*** Opening of Material provided ***
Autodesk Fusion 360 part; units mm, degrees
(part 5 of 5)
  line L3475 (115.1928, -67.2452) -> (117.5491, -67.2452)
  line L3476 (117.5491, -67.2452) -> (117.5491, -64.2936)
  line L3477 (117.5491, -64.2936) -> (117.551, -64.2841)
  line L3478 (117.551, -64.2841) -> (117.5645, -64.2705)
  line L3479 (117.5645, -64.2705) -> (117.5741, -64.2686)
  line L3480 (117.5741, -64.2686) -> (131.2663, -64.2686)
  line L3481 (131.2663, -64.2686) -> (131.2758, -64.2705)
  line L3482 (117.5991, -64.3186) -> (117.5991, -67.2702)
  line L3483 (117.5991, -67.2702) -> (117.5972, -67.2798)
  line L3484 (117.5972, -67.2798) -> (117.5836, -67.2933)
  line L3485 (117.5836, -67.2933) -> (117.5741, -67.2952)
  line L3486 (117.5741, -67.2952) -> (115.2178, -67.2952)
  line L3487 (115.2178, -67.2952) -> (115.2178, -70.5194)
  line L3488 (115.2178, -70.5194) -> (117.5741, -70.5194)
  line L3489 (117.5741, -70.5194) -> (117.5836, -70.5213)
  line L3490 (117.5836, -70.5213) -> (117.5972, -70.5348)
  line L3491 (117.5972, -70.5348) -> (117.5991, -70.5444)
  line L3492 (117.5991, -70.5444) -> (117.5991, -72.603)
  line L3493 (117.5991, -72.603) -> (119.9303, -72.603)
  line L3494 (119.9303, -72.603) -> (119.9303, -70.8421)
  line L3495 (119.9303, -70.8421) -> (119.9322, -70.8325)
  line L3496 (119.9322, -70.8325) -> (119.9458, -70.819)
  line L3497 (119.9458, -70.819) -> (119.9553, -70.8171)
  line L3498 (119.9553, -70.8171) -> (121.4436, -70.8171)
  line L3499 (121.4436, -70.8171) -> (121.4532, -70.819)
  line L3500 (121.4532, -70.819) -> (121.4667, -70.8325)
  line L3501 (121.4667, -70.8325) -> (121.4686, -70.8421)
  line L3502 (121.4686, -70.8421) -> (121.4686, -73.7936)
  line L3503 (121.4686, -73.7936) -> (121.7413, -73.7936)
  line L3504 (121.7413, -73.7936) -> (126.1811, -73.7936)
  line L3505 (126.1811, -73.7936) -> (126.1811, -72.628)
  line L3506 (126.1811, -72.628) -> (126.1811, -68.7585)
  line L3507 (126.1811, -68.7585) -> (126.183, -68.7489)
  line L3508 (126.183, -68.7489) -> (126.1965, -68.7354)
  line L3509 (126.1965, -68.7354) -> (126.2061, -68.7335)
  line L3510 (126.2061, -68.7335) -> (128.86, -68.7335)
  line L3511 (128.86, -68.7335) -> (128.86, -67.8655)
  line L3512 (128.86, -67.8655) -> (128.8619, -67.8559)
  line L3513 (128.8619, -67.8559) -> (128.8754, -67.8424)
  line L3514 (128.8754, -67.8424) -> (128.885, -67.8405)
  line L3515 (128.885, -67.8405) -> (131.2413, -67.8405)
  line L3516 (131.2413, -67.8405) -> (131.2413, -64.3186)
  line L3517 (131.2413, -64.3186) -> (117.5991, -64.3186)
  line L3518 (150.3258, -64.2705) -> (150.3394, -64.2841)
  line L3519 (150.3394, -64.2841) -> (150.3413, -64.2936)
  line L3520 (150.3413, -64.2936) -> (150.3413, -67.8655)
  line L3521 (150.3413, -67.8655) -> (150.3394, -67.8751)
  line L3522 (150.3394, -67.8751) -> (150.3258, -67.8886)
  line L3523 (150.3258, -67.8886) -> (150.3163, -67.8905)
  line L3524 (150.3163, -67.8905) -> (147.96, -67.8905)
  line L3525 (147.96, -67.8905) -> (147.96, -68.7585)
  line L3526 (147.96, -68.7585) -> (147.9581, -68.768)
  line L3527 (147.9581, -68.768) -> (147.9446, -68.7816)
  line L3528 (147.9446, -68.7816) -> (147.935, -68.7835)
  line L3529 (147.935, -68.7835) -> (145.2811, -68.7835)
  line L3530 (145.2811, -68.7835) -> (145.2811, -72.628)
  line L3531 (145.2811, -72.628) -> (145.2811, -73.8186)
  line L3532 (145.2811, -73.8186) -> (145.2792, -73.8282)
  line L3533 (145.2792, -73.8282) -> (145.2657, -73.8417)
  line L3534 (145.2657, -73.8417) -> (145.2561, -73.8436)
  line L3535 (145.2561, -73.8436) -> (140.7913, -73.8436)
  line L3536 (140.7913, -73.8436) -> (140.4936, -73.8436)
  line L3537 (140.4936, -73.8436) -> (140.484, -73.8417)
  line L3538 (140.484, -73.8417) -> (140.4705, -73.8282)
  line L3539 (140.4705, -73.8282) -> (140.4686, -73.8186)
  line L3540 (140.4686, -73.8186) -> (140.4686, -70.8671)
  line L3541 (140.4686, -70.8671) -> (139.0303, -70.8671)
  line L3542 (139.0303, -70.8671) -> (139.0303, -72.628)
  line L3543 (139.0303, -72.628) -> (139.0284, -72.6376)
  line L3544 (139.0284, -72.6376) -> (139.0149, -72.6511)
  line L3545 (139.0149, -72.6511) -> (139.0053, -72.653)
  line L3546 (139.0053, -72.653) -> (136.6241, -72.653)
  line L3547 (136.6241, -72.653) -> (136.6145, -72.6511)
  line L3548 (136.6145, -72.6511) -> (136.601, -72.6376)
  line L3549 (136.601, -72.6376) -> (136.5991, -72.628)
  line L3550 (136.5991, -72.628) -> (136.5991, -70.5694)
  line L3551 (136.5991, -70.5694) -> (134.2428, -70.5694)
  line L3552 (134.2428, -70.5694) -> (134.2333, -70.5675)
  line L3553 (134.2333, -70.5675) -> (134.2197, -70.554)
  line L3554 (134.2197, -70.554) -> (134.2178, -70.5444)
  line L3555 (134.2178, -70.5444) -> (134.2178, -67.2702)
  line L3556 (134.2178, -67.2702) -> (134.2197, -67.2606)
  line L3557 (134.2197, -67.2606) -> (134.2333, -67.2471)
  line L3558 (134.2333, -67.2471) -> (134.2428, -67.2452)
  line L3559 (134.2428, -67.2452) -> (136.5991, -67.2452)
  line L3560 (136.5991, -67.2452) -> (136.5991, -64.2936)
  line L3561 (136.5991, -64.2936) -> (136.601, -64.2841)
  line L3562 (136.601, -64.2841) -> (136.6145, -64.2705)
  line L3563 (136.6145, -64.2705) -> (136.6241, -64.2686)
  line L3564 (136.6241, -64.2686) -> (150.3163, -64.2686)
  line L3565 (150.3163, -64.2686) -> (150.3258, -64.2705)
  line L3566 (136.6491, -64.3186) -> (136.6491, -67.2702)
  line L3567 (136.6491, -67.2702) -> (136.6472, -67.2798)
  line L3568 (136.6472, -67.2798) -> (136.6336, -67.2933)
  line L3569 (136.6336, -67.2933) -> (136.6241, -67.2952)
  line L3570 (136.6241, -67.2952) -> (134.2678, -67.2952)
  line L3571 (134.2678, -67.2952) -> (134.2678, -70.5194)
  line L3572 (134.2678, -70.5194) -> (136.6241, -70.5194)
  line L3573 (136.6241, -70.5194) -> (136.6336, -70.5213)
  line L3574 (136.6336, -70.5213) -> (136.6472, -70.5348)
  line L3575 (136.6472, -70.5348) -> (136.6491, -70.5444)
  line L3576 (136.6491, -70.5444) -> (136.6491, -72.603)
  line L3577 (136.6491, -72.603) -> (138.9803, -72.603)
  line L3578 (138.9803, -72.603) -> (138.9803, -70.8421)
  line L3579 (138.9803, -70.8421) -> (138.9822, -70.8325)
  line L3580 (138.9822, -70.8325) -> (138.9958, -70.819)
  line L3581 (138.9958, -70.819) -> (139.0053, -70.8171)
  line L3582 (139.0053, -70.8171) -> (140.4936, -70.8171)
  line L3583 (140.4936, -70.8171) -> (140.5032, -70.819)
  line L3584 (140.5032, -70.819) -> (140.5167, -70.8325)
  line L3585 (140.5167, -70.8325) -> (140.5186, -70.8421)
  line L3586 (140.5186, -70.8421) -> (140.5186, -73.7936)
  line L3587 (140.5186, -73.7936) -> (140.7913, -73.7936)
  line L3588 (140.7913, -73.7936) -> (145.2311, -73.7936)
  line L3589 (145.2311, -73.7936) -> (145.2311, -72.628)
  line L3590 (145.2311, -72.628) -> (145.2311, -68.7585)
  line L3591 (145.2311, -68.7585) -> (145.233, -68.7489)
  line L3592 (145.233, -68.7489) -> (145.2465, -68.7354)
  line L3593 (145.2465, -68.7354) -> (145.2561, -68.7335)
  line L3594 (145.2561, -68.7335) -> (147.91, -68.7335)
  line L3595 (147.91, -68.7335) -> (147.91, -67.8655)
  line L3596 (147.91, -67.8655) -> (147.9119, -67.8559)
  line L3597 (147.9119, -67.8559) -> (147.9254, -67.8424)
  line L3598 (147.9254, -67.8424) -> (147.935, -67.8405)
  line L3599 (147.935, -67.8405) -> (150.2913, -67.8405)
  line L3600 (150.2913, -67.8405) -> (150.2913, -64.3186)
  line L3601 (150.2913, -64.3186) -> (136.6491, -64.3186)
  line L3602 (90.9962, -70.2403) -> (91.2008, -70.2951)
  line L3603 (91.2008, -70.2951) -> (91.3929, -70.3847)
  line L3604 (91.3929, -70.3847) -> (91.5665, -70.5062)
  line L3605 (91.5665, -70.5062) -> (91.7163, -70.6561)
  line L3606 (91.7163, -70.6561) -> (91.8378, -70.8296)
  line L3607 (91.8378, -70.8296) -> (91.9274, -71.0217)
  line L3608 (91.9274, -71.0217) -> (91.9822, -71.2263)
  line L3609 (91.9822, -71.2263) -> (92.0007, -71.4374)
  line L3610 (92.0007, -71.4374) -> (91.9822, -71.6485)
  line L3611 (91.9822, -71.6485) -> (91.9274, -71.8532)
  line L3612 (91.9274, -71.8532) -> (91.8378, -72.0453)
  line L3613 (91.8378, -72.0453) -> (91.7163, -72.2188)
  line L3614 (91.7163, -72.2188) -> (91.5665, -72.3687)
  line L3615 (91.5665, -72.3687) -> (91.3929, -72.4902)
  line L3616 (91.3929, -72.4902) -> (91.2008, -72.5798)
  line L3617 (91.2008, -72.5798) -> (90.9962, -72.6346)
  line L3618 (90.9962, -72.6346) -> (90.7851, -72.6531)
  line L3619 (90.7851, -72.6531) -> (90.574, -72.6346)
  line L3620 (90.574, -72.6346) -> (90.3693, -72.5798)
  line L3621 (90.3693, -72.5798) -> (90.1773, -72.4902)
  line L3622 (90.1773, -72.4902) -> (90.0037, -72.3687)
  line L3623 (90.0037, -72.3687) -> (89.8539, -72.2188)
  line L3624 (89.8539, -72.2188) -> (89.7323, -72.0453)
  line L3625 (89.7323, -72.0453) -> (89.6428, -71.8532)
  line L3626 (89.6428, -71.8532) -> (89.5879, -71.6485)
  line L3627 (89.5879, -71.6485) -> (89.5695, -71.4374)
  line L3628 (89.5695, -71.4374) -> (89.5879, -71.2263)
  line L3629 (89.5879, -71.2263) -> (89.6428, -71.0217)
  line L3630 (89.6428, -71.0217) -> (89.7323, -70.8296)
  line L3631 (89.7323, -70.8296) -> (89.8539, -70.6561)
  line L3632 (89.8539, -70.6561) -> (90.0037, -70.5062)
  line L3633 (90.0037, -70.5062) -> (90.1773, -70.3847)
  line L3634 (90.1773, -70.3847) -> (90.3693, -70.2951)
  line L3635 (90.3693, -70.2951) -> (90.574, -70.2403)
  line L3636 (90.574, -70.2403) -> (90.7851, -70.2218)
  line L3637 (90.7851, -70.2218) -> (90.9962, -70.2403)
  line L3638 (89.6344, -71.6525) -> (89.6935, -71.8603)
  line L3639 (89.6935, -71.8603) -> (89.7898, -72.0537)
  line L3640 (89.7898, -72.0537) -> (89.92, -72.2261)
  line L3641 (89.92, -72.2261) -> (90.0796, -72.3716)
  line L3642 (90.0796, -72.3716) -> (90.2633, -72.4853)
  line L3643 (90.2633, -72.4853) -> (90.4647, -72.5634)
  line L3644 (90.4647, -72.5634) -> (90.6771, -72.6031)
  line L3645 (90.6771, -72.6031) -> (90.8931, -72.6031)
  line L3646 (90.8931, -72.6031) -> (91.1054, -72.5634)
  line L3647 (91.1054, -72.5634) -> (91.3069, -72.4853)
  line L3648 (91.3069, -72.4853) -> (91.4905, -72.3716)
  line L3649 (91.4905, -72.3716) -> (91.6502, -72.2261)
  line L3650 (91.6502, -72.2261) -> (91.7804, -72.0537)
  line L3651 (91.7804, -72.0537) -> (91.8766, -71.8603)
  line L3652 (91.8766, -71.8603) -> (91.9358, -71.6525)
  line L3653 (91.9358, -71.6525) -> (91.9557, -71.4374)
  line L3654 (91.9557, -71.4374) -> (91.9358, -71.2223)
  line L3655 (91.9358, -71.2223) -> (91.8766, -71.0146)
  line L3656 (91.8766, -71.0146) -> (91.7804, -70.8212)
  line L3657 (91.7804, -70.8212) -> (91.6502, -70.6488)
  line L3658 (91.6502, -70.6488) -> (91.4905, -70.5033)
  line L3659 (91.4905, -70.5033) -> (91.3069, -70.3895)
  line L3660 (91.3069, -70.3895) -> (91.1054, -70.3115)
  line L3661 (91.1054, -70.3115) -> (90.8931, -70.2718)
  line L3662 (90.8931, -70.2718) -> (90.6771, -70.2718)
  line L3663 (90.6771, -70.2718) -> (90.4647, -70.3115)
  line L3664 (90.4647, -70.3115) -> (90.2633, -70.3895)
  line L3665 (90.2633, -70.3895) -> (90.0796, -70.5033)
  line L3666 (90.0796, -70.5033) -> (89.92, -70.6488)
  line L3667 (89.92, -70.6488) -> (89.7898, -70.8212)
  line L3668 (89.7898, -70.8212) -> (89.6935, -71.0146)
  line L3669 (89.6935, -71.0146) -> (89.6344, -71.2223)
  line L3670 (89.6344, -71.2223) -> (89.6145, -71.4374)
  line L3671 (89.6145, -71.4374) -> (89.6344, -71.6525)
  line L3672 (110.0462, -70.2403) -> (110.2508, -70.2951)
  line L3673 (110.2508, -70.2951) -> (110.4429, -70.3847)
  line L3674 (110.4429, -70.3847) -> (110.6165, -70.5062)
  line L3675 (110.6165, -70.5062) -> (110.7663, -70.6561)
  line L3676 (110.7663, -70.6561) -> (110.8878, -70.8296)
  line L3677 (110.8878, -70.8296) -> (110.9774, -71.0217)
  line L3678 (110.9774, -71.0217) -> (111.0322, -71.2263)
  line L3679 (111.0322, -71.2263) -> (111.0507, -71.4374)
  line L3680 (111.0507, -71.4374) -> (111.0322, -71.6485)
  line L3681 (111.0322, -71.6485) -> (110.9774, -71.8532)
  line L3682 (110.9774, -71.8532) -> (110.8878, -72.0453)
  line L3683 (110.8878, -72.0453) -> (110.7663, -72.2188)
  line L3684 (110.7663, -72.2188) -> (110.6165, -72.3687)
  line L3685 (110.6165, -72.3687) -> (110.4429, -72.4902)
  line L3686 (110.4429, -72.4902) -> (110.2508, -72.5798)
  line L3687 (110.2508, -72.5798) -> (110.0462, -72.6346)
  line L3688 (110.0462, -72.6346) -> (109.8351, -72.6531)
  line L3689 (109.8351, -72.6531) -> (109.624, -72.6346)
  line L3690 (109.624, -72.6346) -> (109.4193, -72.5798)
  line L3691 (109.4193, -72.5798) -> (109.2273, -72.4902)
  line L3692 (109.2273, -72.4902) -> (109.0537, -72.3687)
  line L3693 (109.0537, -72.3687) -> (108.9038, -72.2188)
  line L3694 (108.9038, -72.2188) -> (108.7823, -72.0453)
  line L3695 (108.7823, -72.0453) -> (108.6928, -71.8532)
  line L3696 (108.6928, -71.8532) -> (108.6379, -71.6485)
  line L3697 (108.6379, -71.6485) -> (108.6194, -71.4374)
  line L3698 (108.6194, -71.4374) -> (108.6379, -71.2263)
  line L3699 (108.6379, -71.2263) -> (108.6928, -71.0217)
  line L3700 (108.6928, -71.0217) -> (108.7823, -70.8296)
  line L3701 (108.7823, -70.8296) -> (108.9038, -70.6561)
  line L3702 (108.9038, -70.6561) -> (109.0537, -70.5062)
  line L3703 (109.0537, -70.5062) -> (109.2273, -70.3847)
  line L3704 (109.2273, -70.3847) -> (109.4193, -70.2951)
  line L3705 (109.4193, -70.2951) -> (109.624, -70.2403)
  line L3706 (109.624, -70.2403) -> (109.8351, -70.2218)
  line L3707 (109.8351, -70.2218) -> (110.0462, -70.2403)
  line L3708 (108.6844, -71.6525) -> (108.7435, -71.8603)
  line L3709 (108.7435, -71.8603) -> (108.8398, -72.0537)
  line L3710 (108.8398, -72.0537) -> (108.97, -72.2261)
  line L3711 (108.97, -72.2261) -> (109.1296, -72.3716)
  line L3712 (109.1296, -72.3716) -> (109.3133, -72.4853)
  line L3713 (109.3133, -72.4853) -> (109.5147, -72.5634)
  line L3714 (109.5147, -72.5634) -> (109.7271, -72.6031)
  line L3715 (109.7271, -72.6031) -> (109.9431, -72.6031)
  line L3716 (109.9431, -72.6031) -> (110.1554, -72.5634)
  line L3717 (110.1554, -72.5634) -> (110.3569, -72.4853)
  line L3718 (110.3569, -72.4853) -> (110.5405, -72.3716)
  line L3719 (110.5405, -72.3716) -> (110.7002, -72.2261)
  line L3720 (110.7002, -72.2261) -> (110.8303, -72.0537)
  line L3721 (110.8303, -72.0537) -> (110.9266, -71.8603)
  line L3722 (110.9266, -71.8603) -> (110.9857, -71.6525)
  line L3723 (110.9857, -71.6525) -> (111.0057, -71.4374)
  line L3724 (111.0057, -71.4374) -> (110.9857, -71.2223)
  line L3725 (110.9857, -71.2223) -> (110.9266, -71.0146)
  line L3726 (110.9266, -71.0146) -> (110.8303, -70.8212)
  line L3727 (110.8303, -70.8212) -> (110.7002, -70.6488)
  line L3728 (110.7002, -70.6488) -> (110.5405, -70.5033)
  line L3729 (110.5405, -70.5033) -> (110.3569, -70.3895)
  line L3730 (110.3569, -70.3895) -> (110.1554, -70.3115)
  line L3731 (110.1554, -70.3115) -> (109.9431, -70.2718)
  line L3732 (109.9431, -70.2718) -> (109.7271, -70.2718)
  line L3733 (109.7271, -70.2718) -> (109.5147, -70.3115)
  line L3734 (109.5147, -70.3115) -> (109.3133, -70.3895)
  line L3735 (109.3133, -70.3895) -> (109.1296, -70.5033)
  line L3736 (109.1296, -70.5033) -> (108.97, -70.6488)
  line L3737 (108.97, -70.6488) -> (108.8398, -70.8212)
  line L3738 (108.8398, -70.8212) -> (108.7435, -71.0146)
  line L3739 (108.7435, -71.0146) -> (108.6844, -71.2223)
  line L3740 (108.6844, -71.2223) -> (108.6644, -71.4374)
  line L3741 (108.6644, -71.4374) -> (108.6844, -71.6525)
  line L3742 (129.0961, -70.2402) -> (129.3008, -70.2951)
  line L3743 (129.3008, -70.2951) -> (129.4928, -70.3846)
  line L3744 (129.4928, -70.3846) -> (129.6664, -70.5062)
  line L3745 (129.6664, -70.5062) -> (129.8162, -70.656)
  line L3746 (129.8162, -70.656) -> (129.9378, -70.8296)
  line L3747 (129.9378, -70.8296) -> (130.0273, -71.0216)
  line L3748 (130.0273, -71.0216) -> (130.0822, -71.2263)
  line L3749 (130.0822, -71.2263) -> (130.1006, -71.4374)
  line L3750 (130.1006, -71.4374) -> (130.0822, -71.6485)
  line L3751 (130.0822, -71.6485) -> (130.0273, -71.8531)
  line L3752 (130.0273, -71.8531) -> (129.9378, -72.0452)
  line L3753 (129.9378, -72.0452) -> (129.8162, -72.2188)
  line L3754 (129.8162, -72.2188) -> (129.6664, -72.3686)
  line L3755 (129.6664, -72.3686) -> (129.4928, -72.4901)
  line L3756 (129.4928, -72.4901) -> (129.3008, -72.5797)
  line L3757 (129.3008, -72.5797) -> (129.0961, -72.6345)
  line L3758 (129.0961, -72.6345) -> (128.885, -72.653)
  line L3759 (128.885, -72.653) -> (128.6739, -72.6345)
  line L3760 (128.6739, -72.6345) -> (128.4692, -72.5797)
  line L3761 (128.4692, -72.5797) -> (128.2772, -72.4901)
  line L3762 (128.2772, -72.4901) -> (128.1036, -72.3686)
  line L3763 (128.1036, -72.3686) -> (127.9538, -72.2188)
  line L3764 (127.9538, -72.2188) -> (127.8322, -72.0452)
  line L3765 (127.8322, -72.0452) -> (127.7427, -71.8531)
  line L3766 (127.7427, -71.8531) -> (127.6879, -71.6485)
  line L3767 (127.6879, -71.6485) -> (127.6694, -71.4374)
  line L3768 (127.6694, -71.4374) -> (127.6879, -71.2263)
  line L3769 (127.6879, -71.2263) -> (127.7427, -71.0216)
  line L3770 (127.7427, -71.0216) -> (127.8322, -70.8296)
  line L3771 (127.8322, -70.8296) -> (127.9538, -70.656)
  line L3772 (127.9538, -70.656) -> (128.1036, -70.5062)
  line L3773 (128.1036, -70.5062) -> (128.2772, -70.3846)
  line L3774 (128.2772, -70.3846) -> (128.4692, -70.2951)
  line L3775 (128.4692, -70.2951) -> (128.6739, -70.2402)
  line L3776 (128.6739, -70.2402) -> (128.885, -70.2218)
*** Close of Material provided ***
◆ **Your assignment**
Begin with the first line of the records and finish with the line containing "line L3508 (126.183, -68.7489)". Reproduce those lines exactly, both ends included, and nothing else.

◆ **Response box**
Autodesk Fusion 360 part; units mm, degrees
(part 5 of 5)
  line L3475 (115.1928, -67.2452) -> (117.5491, -67.2452)
  line L3476 (117.5491, -67.2452) -> (117.5491, -64.2936)
  line L3477 (117.5491, -64.2936) -> (117.551, -64.2841)
  line L3478 (117.551, -64.2841) -> (117.5645, -64.2705)
  line L3479 (117.5645, -64.2705) -> (117.5741, -64.2686)
  line L3480 (117.5741, -64.2686) -> (131.2663, -64.2686)
  line L3481 (131.2663, -64.2686) -> (131.2758, -64.2705)
  line L3482 (117.5991, -64.3186) -> (117.5991, -67.2702)
  line L3483 (117.5991, -67.2702) -> (117.5972, -67.2798)
  line L3484 (117.5972, -67.2798) -> (117.5836, -67.2933)
  line L3485 (117.5836, -67.2933) -> (117.5741, -67.2952)
  line L3486 (117.5741, -67.2952) -> (115.2178, -67.2952)
  line L3487 (115.2178, -67.2952) -> (115.2178, -70.5194)
  line L3488 (115.2178, -70.5194) -> (117.5741, -70.5194)
  line L3489 (117.5741, -70.5194) -> (117.5836, -70.5213)
  line L3490 (117.5836, -70.5213) -> (117.5972, -70.5348)
  line L3491 (117.5972, -70.5348) -> (117.5991, -70.5444)
  line L3492 (117.5991, -70.5444) -> (117.5991, -72.603)
  line L3493 (117.5991, -72.603) -> (119.9303, -72.603)
  line L3494 (119.9303, -72.603) -> (119.9303, -70.8421)
  line L3495 (119.9303, -70.8421) -> (119.9322, -70.8325)
  line L3496 (119.9322, -70.8325) -> (119.9458, -70.819)
  line L3497 (119.9458, -70.819) -> (119.9553, -70.8171)
  line L3498 (119.9553, -70.8171) -> (121.4436, -70.8171)
  line L3499 (121.4436, -70.8171) -> (121.4532, -70.819)
  line L3500 (121.4532, -70.819) -> (121.4667, -70.8325)
  line L3501 (121.4667, -70.8325) -> (121.4686, -70.8421)
  line L3502 (121.4686, -70.8421) -> (121.4686, -73.7936)
  line L3503 (121.4686, -73.7936) -> (121.7413, -73.7936)
  line L3504 (121.7413, -73.7936) -> (126.1811, -73.7936)
  line L3505 (126.1811, -73.7936) -> (126.1811, -72.628)
  line L3506 (126.1811, -72.628) -> (126.1811, -68.7585)
  line L3507 (126.1811, -68.7585) -> (126.183, -68.7489)
  line L3508 (126.183, -68.7489) -> (126.1965, -68.7354)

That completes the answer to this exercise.